# Produktionsort Canyon Bikes



## fpartosc (13. Juni 2010)

Hi,
kann mir jemand sagen, wo Canyon die Rahmen produzieren lässt? Ich vermute mal, dass die nicht Made in Germany sind, sonst würden die mit Sicherheit damit werben, oder?


----------



## Stacked (13. Juni 2010)

Taiwan


----------



## MTB-News.de




----------



## Xplosion51 (13. Juni 2010)

Taiwan ist korrekt.

http://www.canyon.com/ueber_canyon/historie/#01-1991

Die Rahmen sind ja natürlich handgefertigt.


----------



## Strider (14. Juni 2010)

Und damit sollte man eigentlich werben denn ich denke nicht, dass es sonst auf der Welt irgendwo so viel Kow How in der Rahmenfertigung gibt wie in Taiwan


----------



## -Soulride- (14. Juni 2010)

Mein Vorschlag: "Wir fertigen da wo Liteville fertigt."


----------



## werrabike (14. Juni 2010)

Xplosion51 schrieb:


> Die Rahmen sind ja natürlich handgefertigt.

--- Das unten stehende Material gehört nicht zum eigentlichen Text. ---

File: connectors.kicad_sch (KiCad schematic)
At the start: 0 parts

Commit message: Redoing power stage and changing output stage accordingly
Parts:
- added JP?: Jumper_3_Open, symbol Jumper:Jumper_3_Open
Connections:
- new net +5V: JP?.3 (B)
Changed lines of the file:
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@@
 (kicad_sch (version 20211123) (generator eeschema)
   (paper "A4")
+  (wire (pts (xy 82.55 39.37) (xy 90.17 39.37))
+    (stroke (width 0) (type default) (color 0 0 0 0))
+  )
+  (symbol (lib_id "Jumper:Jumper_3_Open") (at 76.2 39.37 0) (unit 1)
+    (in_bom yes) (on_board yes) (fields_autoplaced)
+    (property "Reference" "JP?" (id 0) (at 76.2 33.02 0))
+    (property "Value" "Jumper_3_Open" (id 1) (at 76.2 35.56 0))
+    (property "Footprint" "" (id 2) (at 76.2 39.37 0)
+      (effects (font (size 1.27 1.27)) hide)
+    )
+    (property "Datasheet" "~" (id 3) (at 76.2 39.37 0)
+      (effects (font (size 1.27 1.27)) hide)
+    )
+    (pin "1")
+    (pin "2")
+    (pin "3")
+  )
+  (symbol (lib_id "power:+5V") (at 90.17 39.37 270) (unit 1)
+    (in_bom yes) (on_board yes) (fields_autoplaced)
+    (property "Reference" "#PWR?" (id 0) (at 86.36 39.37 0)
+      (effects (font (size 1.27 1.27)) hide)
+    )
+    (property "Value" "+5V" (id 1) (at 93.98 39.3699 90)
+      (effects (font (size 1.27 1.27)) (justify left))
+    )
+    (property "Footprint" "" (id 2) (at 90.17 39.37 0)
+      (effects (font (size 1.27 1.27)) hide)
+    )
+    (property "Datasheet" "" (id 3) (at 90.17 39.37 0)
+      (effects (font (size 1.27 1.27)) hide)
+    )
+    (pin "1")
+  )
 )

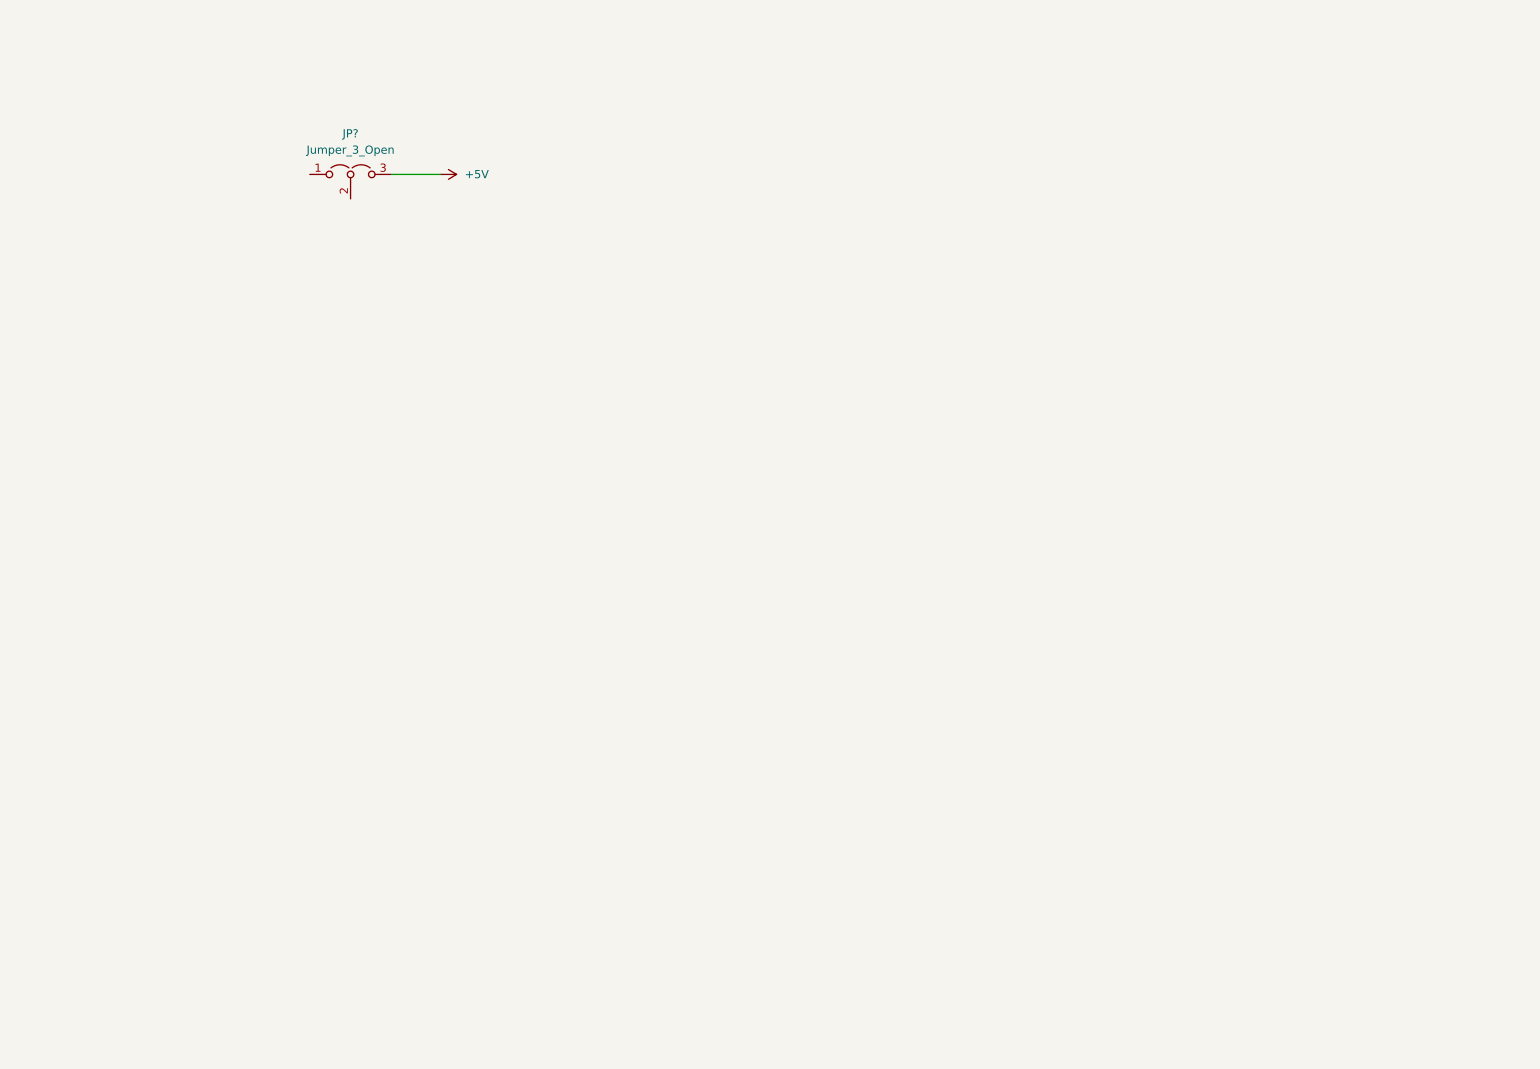
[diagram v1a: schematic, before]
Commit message: Finishing MCU interface. Adding connectors
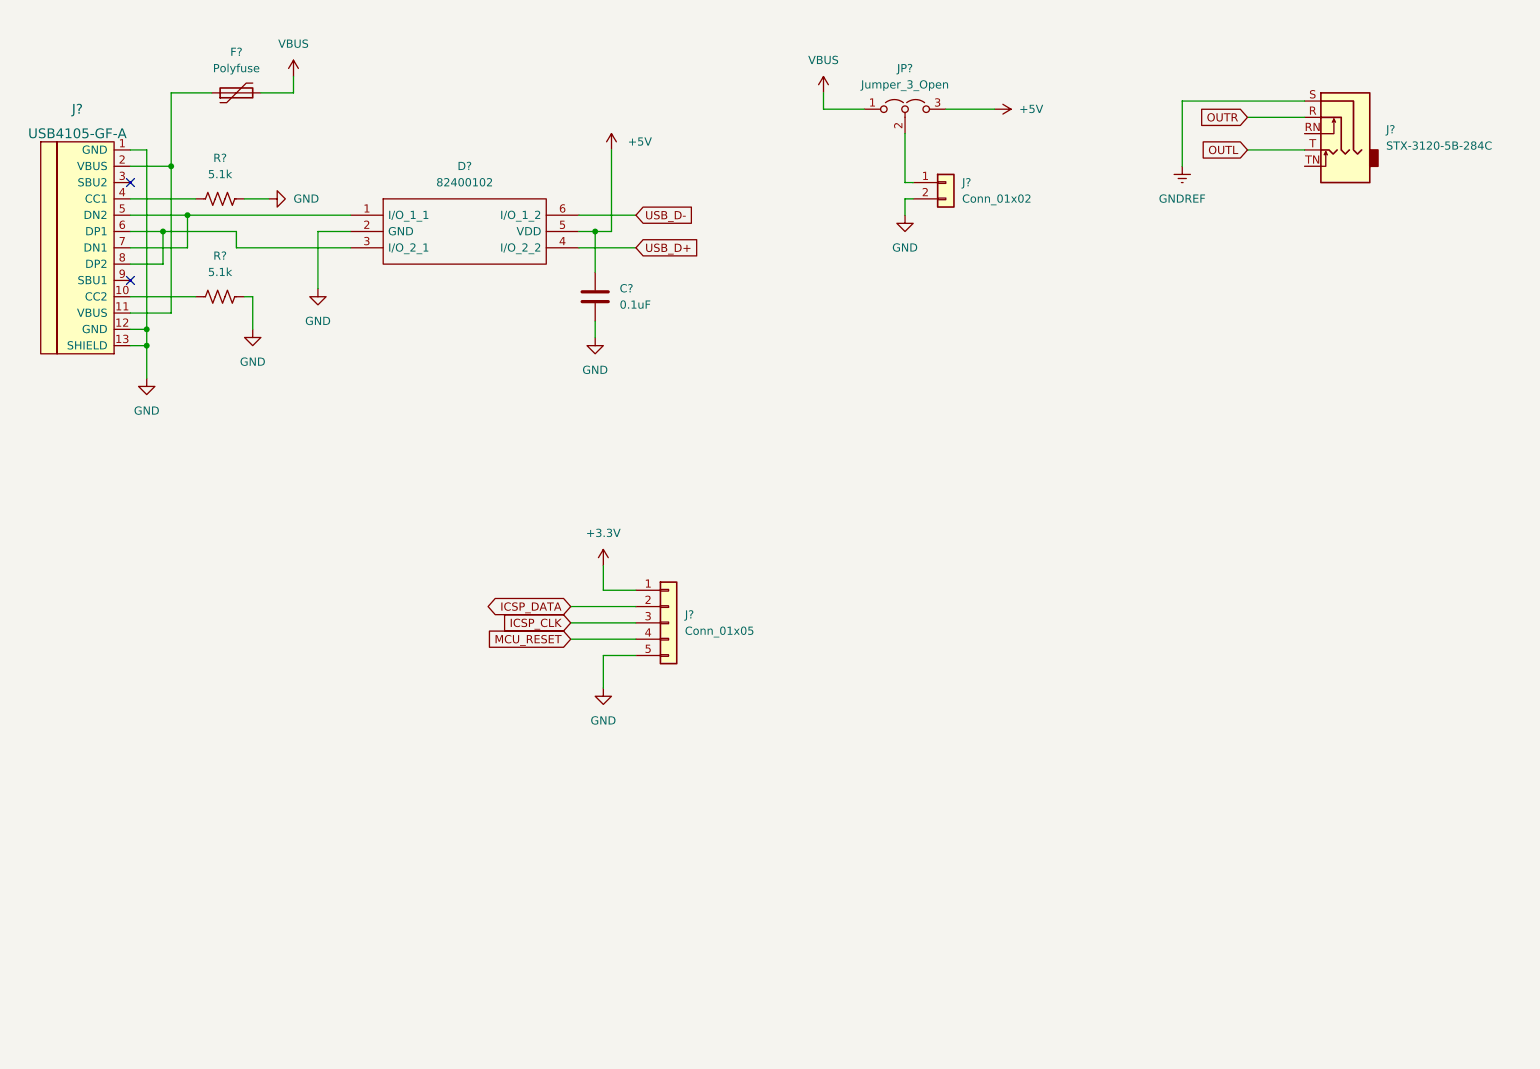
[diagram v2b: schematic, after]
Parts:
- added C?: 0.1uF, symbol Device:C
- added D?: 82400102, SOT95P280X145-6N, symbol SamacSys_Parts:82400102
- added F?: Polyfuse, symbol Device:Polyfuse
- added J?: Conn_01x05, symbol Connector_Generic:Conn_01x05
- added J?: USB4105-GF-A, symbol Type-C:HRO-TYPE-C-31-M-12
- added J?: Conn_01x02, symbol Connector_Generic:Conn_01x02
- added J?: STX-3120-5B-284C, symbol Connector:AudioJack3_SwitchTR
- added R? (x2): 5.1k, symbol Device:R_US
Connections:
- net +5V: now also C?.1, D?.5 (VDD)
- net VBUS: now reaches JP?.1 (A)
- net VBUS: now also F?.2
- net at JP?.2 (C): now also J?.1 (Pin_1)
- new net: J?.4 (CC1), R?.1
- new net: F?.1, J?.11 (VBUS), J?.2 (VBUS)
- new net: J?.10 (CC2), R?.1
- new net: D?.1 (I/O_1_1), J?.5 (DN2), J?.7 (DN1)
- new net: D?.3 (I/O_2_1), J?.6 (DP1), J?.8 (DP2)
- new net +3V3: J?.1 (Pin_1)
- new net GND: C?.2, D?.2 (GND), J?.1 (GND), J?.12 (GND), J?.13 (SHIELD), J?.2 (Pin_2), J?.5 (Pin_5), R?.2, R?.2
- new net GNDREF: J?.S
- new net ICSP_CLK: J?.3 (Pin_3)
- new net ICSP_DATA: J?.2 (Pin_2)
- new net MCU_RESET: J?.4 (Pin_4)
- new net OUTL: J?.T
- new net OUTR: J?.R
- new net USB_D+: D?.4 (I/O_2_2)
- new net USB_D-: D?.6 (I/O_1_2)
- no-connect marks 0 -> 2
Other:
- moved on the sheet: JP?

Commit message: Finishing Schematic. Fixed ERC errors
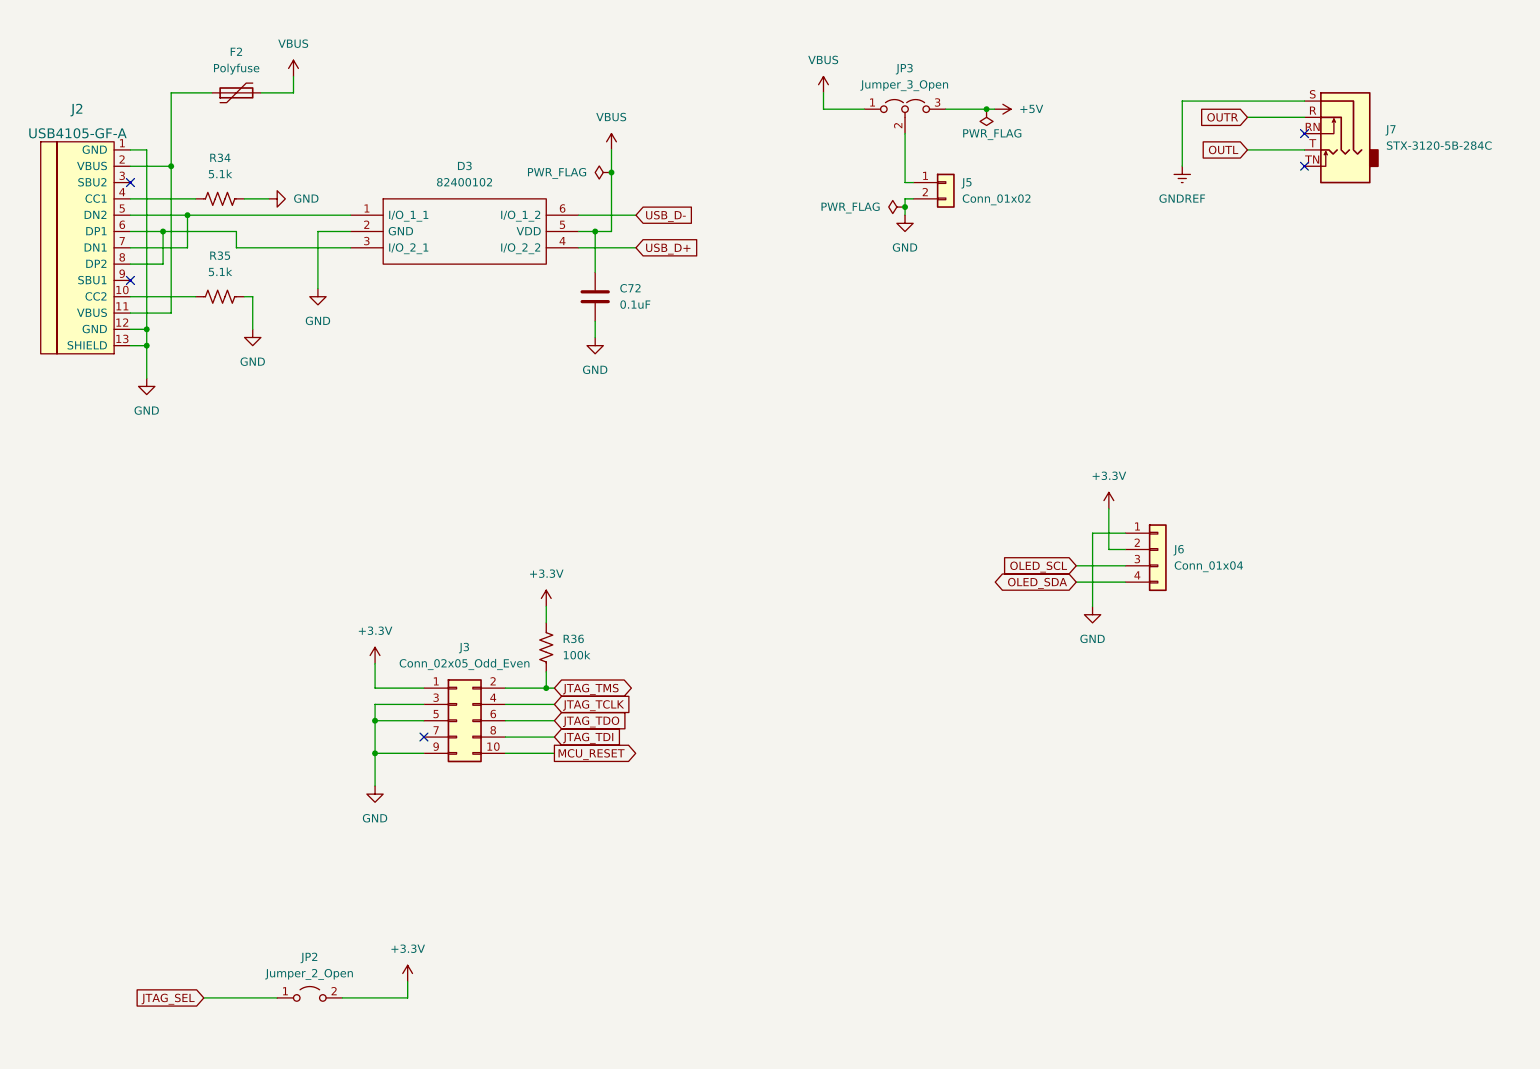
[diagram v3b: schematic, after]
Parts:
- removed J?: Conn_01x05, symbol Connector_Generic:Conn_01x05
- added J3: Conn_02x05_Odd_Even, symbol Connector_Generic:Conn_02x05_Odd_Even
- added J6: Conn_01x04, symbol Connector_Generic:Conn_01x04
- added JP2: Jumper_2_Open, symbol Jumper:Jumper_2_Open
- added R36: 100k, symbol Device:R_US
- gave numbers to parts that had none: 9
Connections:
- net +3V3: now also J3.1 (Pin_1), J6.2 (Pin_2), JP2.2 (B), R36.2
- net +5V: no longer C72.1, D3.5 (VDD)
- net GND: now also J3.3 (Pin_3), J3.5 (Pin_5), J3.9 (Pin_9), J6.1 (Pin_1)
- net MCU_RESET: now also J3.10 (Pin_10)
- net VBUS: now also C72.1, D3.5 (VDD)
- new net JTAG_SEL: JP2.1 (A)
- new net JTAG_TCLK: J3.4 (Pin_4)
- new net JTAG_TDI: J3.8 (Pin_8)
- new net JTAG_TDO: J3.6 (Pin_6)
- new net JTAG_TMS: J3.2 (Pin_2), R36.1
- new net OLED_SCL: J6.3 (Pin_3)
- new net OLED_SDA: J6.4 (Pin_4)
- no-connect marks 2 -> 5

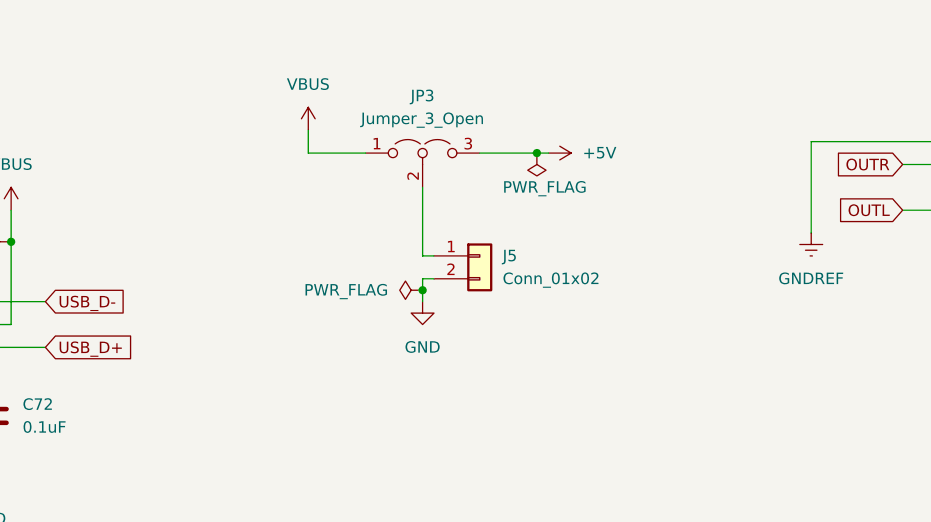
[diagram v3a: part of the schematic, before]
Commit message: Adding footprints
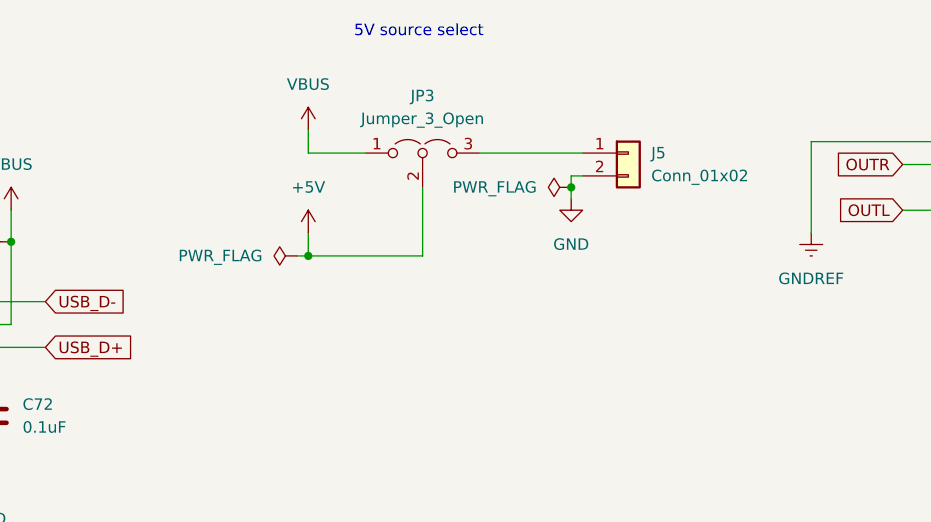
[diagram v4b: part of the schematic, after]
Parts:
- C72: footprint (none) -> Capacitor_SMD:C_0805_2012Metric_Pad1.18x1.45mm_HandSolder
- D3: footprint SOT95P280X145-6N -> SamacSys_Parts:SOT95P280X145-6N
- J5, JP2: footprint (none) -> Connector_PinHeader_2.54mm:PinHeader_1x02_P2.54mm_Vertical
- J6: footprint (none) -> Connector_PinHeader_2.54mm:PinHeader_1x04_P2.54mm_Vertical
- J7: footprint (none) -> SamacSys_Parts:STX31205B284C
- JP3: footprint (none) -> Connector_PinHeader_2.54mm:PinHeader_1x03_P2.54mm_Vertical
- R34, R35, R36: footprint (none) -> Resistor_SMD:R_0805_2012Metric_Pad1.20x1.40mm_HandSolder
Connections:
- net +5V: now also JP3.2 (C); no longer JP3.3 (B)
- net at J5.1 (Pin_1): now also JP3.3 (B); no longer JP3.2 (C)
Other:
- note added: "5V source select"
- moved on the sheet: J5

Was verstehst du unter "handgefertigt"? Denn Rahmen vom Schweissrobotor (bei Aluraumen) übernehmen und irgendwo anderst hintragen?
Soweit ich weiß sind die Arbeitsabläufe in Taiwan schon sehr automatisiert, wodurch ja auch diese hohe Qualität & Gleichmässigkeit entsteht.

Tschö, Enrico


----------



## Strider (14. Juni 2010)

Ich hoffe doch sehr, dass ein Roboter das gemacht hat. Handarbeit würde mein Vertrauen in der Rahmen sonst doch eher verringern


----------



## Xplosion51 (14. Juni 2010)

natürlich ist das von handgeschweißt ^^ 

sonst würden die Rahmen anders aussehen


----------



## Bartoy (19. Juni 2010)

Welche große Hersteller fertig nicht in Fernost? 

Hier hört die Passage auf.